Sofie is pas gescheiden. Ze woont in een nieuw huis. Maar ze kan er geen vijf minuten alleen zijn. “Het voelt niet lekker, ik kan er niet van genieten, ik kan bijvoorbeeld niet ontspannen op de bank een boek gaan zitten lezen.” Sofie gaat elke avond na haar werk zo snel mogelijk naar haar nieuwe vriend Steven. Bij hem is ze meer op haar gemak. “Ik begrijp er niets van”, zegt ze, “Als er iets is waarop ik me tijdens de scheiding verheugde, waar ik naar uit keek was het dat: tijd hebben voor mezelf, voor een zalig bad, voor een avondje uit met een vriendin, voor een nieuwe hobby, voor een boek in de zetel. En nu ik dat eigenlijk allemaal zou kunnen, doe ik het niet. Het is alsof ik weer getrouwd ben: elke avond samen in de zetel naar televisie kijken.”

Gek is dat, denk ik, het lijkt alsof wat Sofie wil (tijd voor zichzelf) niet overeenkomt met wat ze voelt (alleen zijn is niet prettig). Dit wil ik helder krijgen. Ik schrijf op de flipchart: denken – voelen – doen. En vraag aan Sofie om aan de hand van deze drie woorden haar probleem te herformuleren. “Als je alleen bent, Sofie, wat denk je dan precies, hoe voel je je dan vanbinnen en wat doe je dan vervolgens?” Sofie antwoordt: “Als ik alleen ben, denk ik ‘oei, wat nu’ … en dan voel ik angst, de haren in mijn nek gaan rechtop staan, ik sla in paniek … en wat ik dan doe is weglopen, snel naar iemand toegaan, naar Steven bijvoorbeeld, naar gelijk waar – als ik maar niet meer alleen ben.” “Je voelt je angstig als je alleen bent?”, vraag ik. Sofie kijkt op en zegt verdrietig: “Ja. Het is een gevoel dat ik goed ken, als kind had ik er al last van. Ik durfde niets alleen doen. Ik herinner me ook dat ik altijd schrik had om toestemming voor iets te vragen aan mijn ouders.
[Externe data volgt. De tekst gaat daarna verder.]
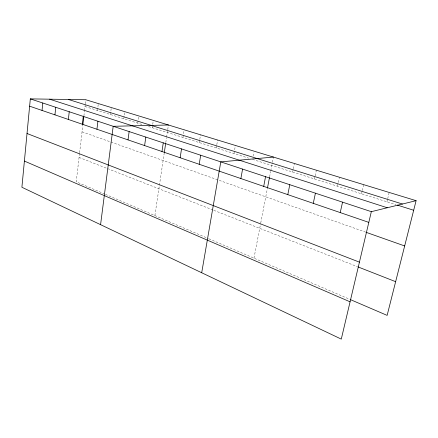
<?xml version="1.0" encoding="UTF-8"?>
<svg xmlns="http://www.w3.org/2000/svg" width="438" height="438" viewBox="0 0 438 438"><rect width="100%" height="100%" fill="white"/><g stroke="black" fill="none" stroke-linecap="round" stroke-linejoin="round"><path stroke-width="0.33" stroke-dasharray="2.19 1.64" d="M79.535 153.388L76.228 181.786L104.857 194.089M79.612 152.714L82.82 125.169M83.91 115.835L84.452 111.17M84.529 110.502L85.235 104.474M85.311 103.795L85.782 99.738M97.482 110.442L98.315 103.571M110.42 114.526L111.307 107.54M123.844 118.764L124.786 111.657M137.784 123.166L138.775 115.933M152.26 127.737L152.643 125.06M152.736 124.387L153.316 120.373M154.882 215.584L164.217 153.174M165.81 142.492L166.511 137.822M166.61 137.154L168.427 124.994M182.969 137.428L184.157 129.796M199.268 142.574L199.69 139.985M199.794 139.333L200.533 134.8M216.257 147.934L216.706 145.296M216.821 144.639L217.604 140.018M233.98 153.53L235.409 145.454M253.06 156.202L253.761 152.402M253.969 258.163L260.61 223.637M260.741 222.964L267.311 188.816M269.622 176.81L270.651 171.477M270.777 170.809L272.305 162.887M272.431 162.241L273.421 157.072M292.65 172.052L293.181 169.413M293.312 168.75L294.374 163.473M314.506 178.95L315.031 176.448M315.163 175.819L316.351 170.19M337.452 186.194L339.423 177.237M361.564 193.804L362.166 191.187M362.319 190.535L363.671 184.65M386.94 201.814L387.542 199.317M387.69 198.693L389.196 192.446M84.994 106.505L142.815 124.753M148.482 126.544L248.653 158.162M252.48 159.372L396.072 204.694M82.043 131.838L365.801 232.206M79.064 157.428L213.158 210.054M213.788 210.306L357.66 266.769M105.47 194.352L208.247 238.513M208.866 238.781L349.65 299.274"/><path stroke-width="0.66" d="M416.1 200.67L85.782 99.738L30.321 98.884L21.9 187.261L341.284 339.116L371.331 211.674L416.1 200.67L387.132 315.382L350.274 299.548M42.037 110.436L42.782 103.007M54.947 114.86L55.741 107.294M68.377 119.459L69.231 111.75M82.36 124.25L83.275 116.398M82.897 124.502L83.833 116.503M96.94 129.243L97.915 121.238M100.576 224.672L113.19 126.292L168.427 124.994M128.022 139.892L129.144 131.57M144.611 145.575L145.816 137.083M161.972 151.521L163.259 142.854M164.316 152.506L165.712 143.16M180.144 157.751L181.529 148.893M199.202 164.277L200.686 155.233M201.699 272.754L220.79 161.885L273.421 157.072M240.867 178.551L242.586 169.09M263.703 186.374L265.554 176.689M267.443 188.148L269.496 177.478M287.799 194.625L289.797 184.705M313.269 203.352L315.42 193.18M340.222 212.589L342.554 202.153M68.405 99.47L402.44 204.026M397.375 205.11L413.68 210.256M49.571 99.18L387.263 207.754M30.321 98.884L371.331 211.674M29.625 106.182L368.807 222.378M366.436 232.43L404.663 245.953M27.019 133.508L359.428 262.148M358.279 267.016L395.64 281.678M24.397 161.069L350.077 301.82"/></g></svg>

Want altijd als ik iets wou of een idee had dat anders was dan wat mijn ouders voor goed hielden, kreeg ik de wind van voren. Mijn moeder zei vaak: waarom moet je zo contrarie doen, gewoon is gek genoeg! En later, tijdens mijn puberteit werd dat: als je denkt dat je het beter weet, je doet maar … maar als het niet lukt, moet je bij mij niet komen zeuren!”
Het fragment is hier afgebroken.